The financial industry needs to shape up its web-based and mobile experiences, and paying attention to how fitness trackers engage users can help, according to new research.

Apps from Strides and Nike+ Running as well as SuperBetter and Recyclebank could give fintech innovators insights into best practices for their own digital products, according to a study from Corporate Insight.

“When it comes to the digital experience, financial institutions recognize they are not just competing with each other anymore. They are also competing with the expectations set by big technology companies like Amazon, Apple, Facebook and Google” says James McGovern, vice president of consulting services at Corporate Insight.

The study looked at digital innovators — both financial and non-financial firms — across a variety of topics, from gamification to security to augmented reality.

Many firms are still in survival mode following the financial crisis and therefore curbing their investment in their digital products, the study’s authors say. “This has created an opportunity for nimble fintech startups to challenge industry conventions around digital experience, product design and pricing.”

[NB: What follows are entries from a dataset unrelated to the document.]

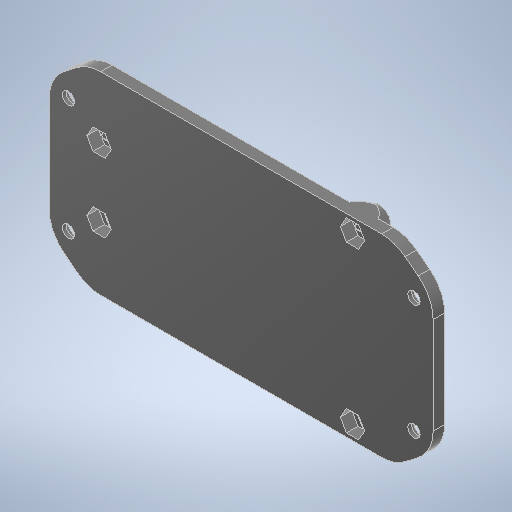
# Autodesk Inventor part: 3D_DC_fix
Saved by Autodesk Inventor 2025.3 (Build 293356030, 356C)
## iProperties
Created: 2025-08-01
Part Number: 3D_DC_fix
Material: 一般
Document SubType Name: Modeling
Designer: ibuki_ono
Density: 1 g/cm^3
Appearance: 滑らか - 黒
Author: ibuki_ono
## iProperties of the stored document 3D_DC_fix_3D プリント.ipt
Created: 2025-08-01
Part Number: 3D_DC_fix_3D プリント
Material: 一般
Document SubType Name: Modeling
Designer: ibuki_ono
Density: 1 g/cm^3
Appearance: 既定
Author: ibuki_ono
Autodesk Inventor part; units mm, degrees
ref_plane "YZ Plane" through (0, 0, 0) normal (1, 0, 0) x (0, 1, 0)
ref_plane "XZ Plane" through (0, 0, 0) normal (0, 1, 0) x (-1, 0, 0)
ref_plane "XY Plane" through (0, 0, 0) normal (0, 0, 1) x (1, 0, 0)
ref_plane "作業平面1" through (0, 0, 4) normal (0, 0, 1) x (1, 0, 0)
sketch "スケッチ1" plane through (0, 0, 4) normal (0, 0, 1) x (1, 0, 0)
  line L0 (40, 25.2) -> (-40, 25.2) projected
  line L1 (-40, -25.2) -> (40, -25.2) projected
  line L2 (40, -25.2) -> (40, 25.2) projected
  line L3 (-40, 25.2) -> (-40, -25.2) projected
  line L4 (-40, 17.5) -> (-50, 17.5)
  line L5 (-50, 17.5) -> (-50, -17.5)
  line L6 (-50, -17.5) -> (-40, -17.5)
  line L7 (-40, -17.5) -> (-40, 17.5)
  line L8 (40, 17.5) -> (50, 17.5)
  line L9 (50, 17.5) -> (50, -17.5)
  line L10 (50, -17.5) -> (40, -17.5)
  line L11 (40, -17.5) -> (40, 17.5)
  line L12 (-40, 25.2) -> (-50, 17.5)
  line L13 (-50, -17.5) -> (-40, -25.2)
  line L14 (40, 25.2) -> (50, 17.5)
  line L15 (50, -17.5) -> (40, -25.2)
  point P0 (0, 0)
  point P1 (-40, 0)
  point P2 (40, 0)
  dimension "d0" = 10
  dimension "d1" = 35
  dimension "d2" = 10
  dimension "d3" = 35
  constraints: 24 end point, 5 parallel, 4 midpoint, 3 point on line, 2 horizontal, 2 perpendicular
  measures "d0" distance of L6.end L5.end
  measures "d1" distance of L5.end L4.end
  measures "d2" distance of L9.end L10.end
  measures "d3" distance of L8.end L9.end
extrude "押し出し1" add sketch "スケッチ1" along normal blind 3
sketch "スケッチ2" plane through (0, 0, 4) normal (0, 0, -1) x (-1, 0, 0)
  line L0 (45, 15) -> (-45, 15) construction
  line L1 (-45, 15) -> (-45, -15) construction
  line L2 (-45, -15) -> (45, -15) construction
  line L3 (45, -15) -> (45, 15) construction
  line L4 (45, 15) -> (-45, -15) construction
  line L5 (-45, 15) -> (45, -15) construction
  point P0 (0, 0)
  dimension "d6" = 90
  dimension "d7" = 30
  constraints: 12 end point, 2 midpoint, 2 parallel, 1 horizontal, 1 perpendicular
  measures "d6" distance of L2.end L1.end
  measures "d7" distance of L1.end L0.end
hole "穴1" at (-45, -15, 4) at (-45, 15, 4) at (45, -15, 4) at (45, 15, 4) direction (0, 0, 1) diameter 3.2 end through all counterbore diameter 7 counterbore depth 2
sketch "スケッチ3" plane through (0, 0, 4) normal (0, 0, -1) x (-1, 0, 0)
  circle A0 centre (37, -9) radius 1.6 projected
  circle A1 centre (37, 9) radius 1.6 projected
  circle A2 centre (-29, -21.5) radius 1.6 projected
  circle A3 centre (-29, 21.5) radius 1.6 projected
  circle A4 centre (37, -9) radius 3
  circle A5 centre (37, 9) radius 3
  circle A6 centre (-29, -21.5) radius 3
  circle A7 centre (-29, 21.5) radius 3
  point P0 (0, 0)
  dimension "d15" = 6
  dimension "d16" = 6
  dimension "d17" = 6
  dimension "d18" = 6
  constraints: 4 centre point, 4 coincident
  measures "d15" diameter of A4
  measures "d16" diameter of A5
  measures "d17" diameter of A6
  measures "d18" diameter of A7
extrude "押し出し2" add sketch "スケッチ3" along normal blind 4 contours A0 | A1 | A2 | A3 | A4 | A5 | A6 | A7
sketch "スケッチ4" plane through (-37, -9, 0) normal (0, 0, -1) x (-1, 0, 0)
  circle A0 centre (0, 0) radius 3 projected
  circle A1 centre (0, 18) radius 3 projected
  circle A2 centre (-66, -12.5) radius 3 projected
  circle A3 centre (-66, 30.5) radius 3 projected
  point P0 (-37, 9)
hole "穴2" at (-37, -9, 0) at (-37, 9, 0) at (29, 21.5, 0) at (29, -21.5, 0) direction (0, 0, 1) diameter 3.2 end through all
chamfer "面取り2" distance 4 angle 30 1 edges at (-34, -9, 4) measured on face at (-34, -9, 3.5)
chamfer "面取り3" distance 4 angle 30 1 edges at (-34, 9, 4) measured on face at (-34, 9, 3.5)
chamfer "面取り4" distance 4 angle 30 1 edges at (32, -21.5, 4) measured on face at (32, -21.5, 3.5)
chamfer "面取り5" distance 4 angle 30 1 edges at (32, 21.5, 4) measured on face at (32, 21.5, 3.5)
sketch "スケッチ5" plane through (0, 0, 7) normal (0, 0, 1) x (1, 0, 0)
  circle A0 centre (-37, 9) radius 1.6 projected
  circle A1 centre (29, 21.5) radius 1.6 projected
  line L0 (-33.8246, 9) -> (-35.4123, 6.25)
  line L1 (-35.4123, 6.25) -> (-38.5877, 6.25)
  line L2 (-38.5877, 6.25) -> (-40.1754, 9)
  line L3 (-40.1754, 9) -> (-38.5877, 11.75)
  line L4 (-38.5877, 11.75) -> (-35.4123, 11.75)
  line L5 (-35.4123, 11.75) -> (-33.8246, 9)
  circle A2 centre (29, 21.5) radius 3 projected
  line L6 (32.1754, 21.5) -> (30.5877, 18.75)
  line L7 (30.5877, 18.75) -> (27.4123, 18.75)
  line L8 (27.4123, 18.75) -> (25.8246, 21.5)
  line L9 (25.8246, 21.5) -> (27.4123, 24.25)
  line L10 (27.4123, 24.25) -> (30.5877, 24.25)
  line L11 (30.5877, 24.25) -> (32.1754, 21.5)
  point P0 (0, 0)
  dimension "d43" = 5.5
  dimension "d44" = 5.5
  constraints: 24 end point, 2 coincident, 2 horizontal alignment, 26 other
  measures "d43" distance between parallel lines of L1 L4
  measures "d44" distance between parallel lines of L7 L10
extrude "押し出し3" cut sketch "スケッチ5" against normal blind 3 contours A0 | A1 | L0 L1 L2 L3 L4 L5 | A2 L6 L7 L8 L9 L10 L11 | A2 L11 L6 | A2 L10 L11 | L6 L7 A2 | A2 L9 L10 | L7 L8 A2 | A2 L8 L9
sketch "スケッチ6" plane through (0, 0, 4) normal (0, 0, 1) x (1, 0, 0)
  circle A0 centre (-37, 9) radius 1.6 projected
  line L0 (-38.5877, 11.75) -> (-35.4123, 11.75) projected
  line L1 (-40.1754, 9) -> (-38.5877, 11.75) projected
  line L2 (-38.5877, 6.25) -> (-40.1754, 9) projected
  line L3 (-35.4123, 6.25) -> (-38.5877, 6.25) projected
  line L4 (-33.8246, 9) -> (-35.4123, 6.25) projected
  line L5 (-35.4123, 11.75) -> (-33.8246, 9) projected
  circle A1 centre (29, 21.5) radius 1.6 projected
  line L6 (27.4123, 24.25) -> (30.5877, 24.25) projected
  line L7 (25.8246, 21.5) -> (27.4123, 24.25) projected
  line L8 (27.4123, 18.75) -> (25.8246, 21.5) projected
  line L9 (30.5877, 18.75) -> (27.4123, 18.75) projected
  line L10 (32.1754, 21.5) -> (30.5877, 18.75) projected
  line L11 (30.5877, 24.25) -> (32.1754, 21.5) projected
  line L12 (-39.2517, 7.4) -> (-34.7483, 7.4)
  line L13 (-34.4885, 7.85) -> (-36.7402, 11.75)
  line L14 (-37.2598, 11.75) -> (-39.5115, 7.85)
  line L15 (28.7402, 24.25) -> (26.4885, 20.35)
  circle A2 centre (29, 21.5) radius 3 projected
  line L16 (26.7483, 19.9) -> (31.2517, 19.9)
  line L17 (31.5115, 20.35) -> (29.2598, 24.25)
  line L18 (25.8246, 21.5) -> (27.4123, 24.25) projected
  line L19 (30.5877, 24.25) -> (32.1754, 21.5) projected
  line L20 (30.5877, 18.75) -> (27.4123, 18.75) projected
  circle A3 centre (29, 21.5) radius 1.6 projected
  circle A4 centre (-37, 9) radius 1.6 projected
  line L21 (-40.1754, 9) -> (-38.5877, 11.75) projected
  line L22 (-35.4123, 11.75) -> (-33.8246, 9) projected
  line L23 (-35.4123, 6.25) -> (-38.5877, 6.25) projected
  point P0 (0, 0)
  point P1 (30.3856, 22.3)
  point P2 (27.6144, 22.3)
  point P3 (29, 19.9)
  point P4 (-38.3856, 9.8)
  point P5 (-37, 7.4)
  point P6 (-35.6144, 9.8)
  constraints: 12 end point, 12 point on line, 7 parallel, 6 tangent, 1 horizontal
extrude "押し出し4" cut sketch "スケッチ6" against normal blind 0.2 contours A0 L13 L4 L12 | A0 L14 L0 L13 | L12 L2 L14 A0 | A1 L17 L10 L16 | A1 L15 L6 L17 | L16 L8 L15 A1
mirror "ミラー1" about plane through (0, 0, 0) normal (0, 1, 0) of "押し出し3", "押し出し4"
sketch "スケッチ7" plane through (0, 0, 4) normal (0, 0, -1) x (-1, 0, 0)
  line L0 (30, 14.5) -> (-38, 14.5)
  line L1 (-38, 14.5) -> (-38, -14.5)
  line L2 (-38, -14.5) -> (30, -14.5)
  line L3 (30, -14.5) -> (30, 14.5)
  line L4 (30, 14.5) -> (-38, -14.5) construction
  line L5 (-38, 14.5) -> (30, -14.5) construction
  line L6 (30, 22.2) -> (-22, 22.2)
  line L7 (-22, 22.2) -> (-22, -22.2)
  line L8 (-22, -22.2) -> (30, -22.2)
  line L9 (30, -22.2) -> (30, 22.2)
  line L10 (30, 22.2) -> (-22, -22.2) construction
  line L11 (-22, 22.2) -> (30, -22.2) construction
  circle A0 centre (37, -9) radius 1.6 projected
  line L12 (40, -25.2) -> (-25.1921, -25.2) projected
  circle A1 centre (-29, -21.5) radius 1.6 projected
  circle A2 centre (-45, -15) radius 1.6 projected
  point P0 (0, 0)
  point P1 (-4, 0)
  point P2 (4, 0)
  point P3 (-22, 14.5)
  point P4 (-22, -14.5)
  dimension "d49" = 7
  dimension "d50" = 3
  dimension "d51" = 7
  dimension "d52" = 7
  dimension "d53" = 7
  constraints: 24 end point, 4 midpoint, 4 parallel, 2 horizontal, 2 horizontal alignment, 2 perpendicular, 1 collinear
  measures "d49" distance from line of A0.centre L9
  measures "d50" distance between parallel lines of L12 L8
  measures "d51" distance from line of L7 A1.centre
  measures "d52" distance from line of A1.centre L2
  measures "d53" distance from line of A2.centre L1
extrude "押し出し5" cut sketch "スケッチ7" against normal blind 2 contours L3 L2 L7 L0 | L0 L7 L6 L9 | L7 L2 L1 L0 | L9 L8 L7 L2
fillet "フィレット1" radius 5 8 edges at (-30, -22.2, 5) (-30, 22.2, 5) (22, 22.2, 5) (22, 14.5, 5) (38, 14.5, 5) (38, -14.5, 5) (22, -14.5, 5) (22, -22.2, 5)
chamfer "面取り6" distance 2 angle 45 14 edges at (-3.866, -22.2, 6) (20.3705, -21.1211, 6) (23.8976, -15.5789, 6) (30, -14.5, 6) (36.5355, -13.0355, 6) (38, 0, 6) (36.5355, 13.0355, 6) (29.866, 14.5, 6) (23.6295, 15.5789, 6) (20.1024, 21.1211, 6) (-4, 22.2, 6) (-28.5355, 20.7355, 6) (-30, 0, 6) (-28.5355, -20.7355, 6)
fillet "フィレット2" radius 10 8 edges at (-50, 17.5, 5.5) (-40, 25.2, 5.5) (-50, -17.5, 5.5) (-40, -25.2, 5.5) (40, 25.2, 5.5) (50, 17.5, 5.5) (50, -17.5, 5.5) (40, -25.2, 5.5)
equation "\"d44\" = d43"
equation "\"d51\" = d49"
equation "\"d52\" = d49"
equation "\"d53\" = d49"

Gamification was shown to improve client engagement and loyalty, the study said, noting Domino’s Pizza increased sales using its “Pizza Hero” app feature, while HP grew revenue by $1 billion following the release of its “Project Everest” game. Still, 80% of gamified enterprise apps fail, largely due to poor design, the study noted.

McGovern says goal-planning and security were two areas where wealth management firms needed to innovate most. “Goal planning is often the foundation of the wealth management client experience. Yet at most brokerage firms, online goal planning tools are superficial and take a one-size-fits-all approach to users."

Fitness apps from Nike+ Running and Jawbone’s Up offered excellent models for products that work with clients to set goals, then “deliver a steady stream of personalized positive reinforcement.”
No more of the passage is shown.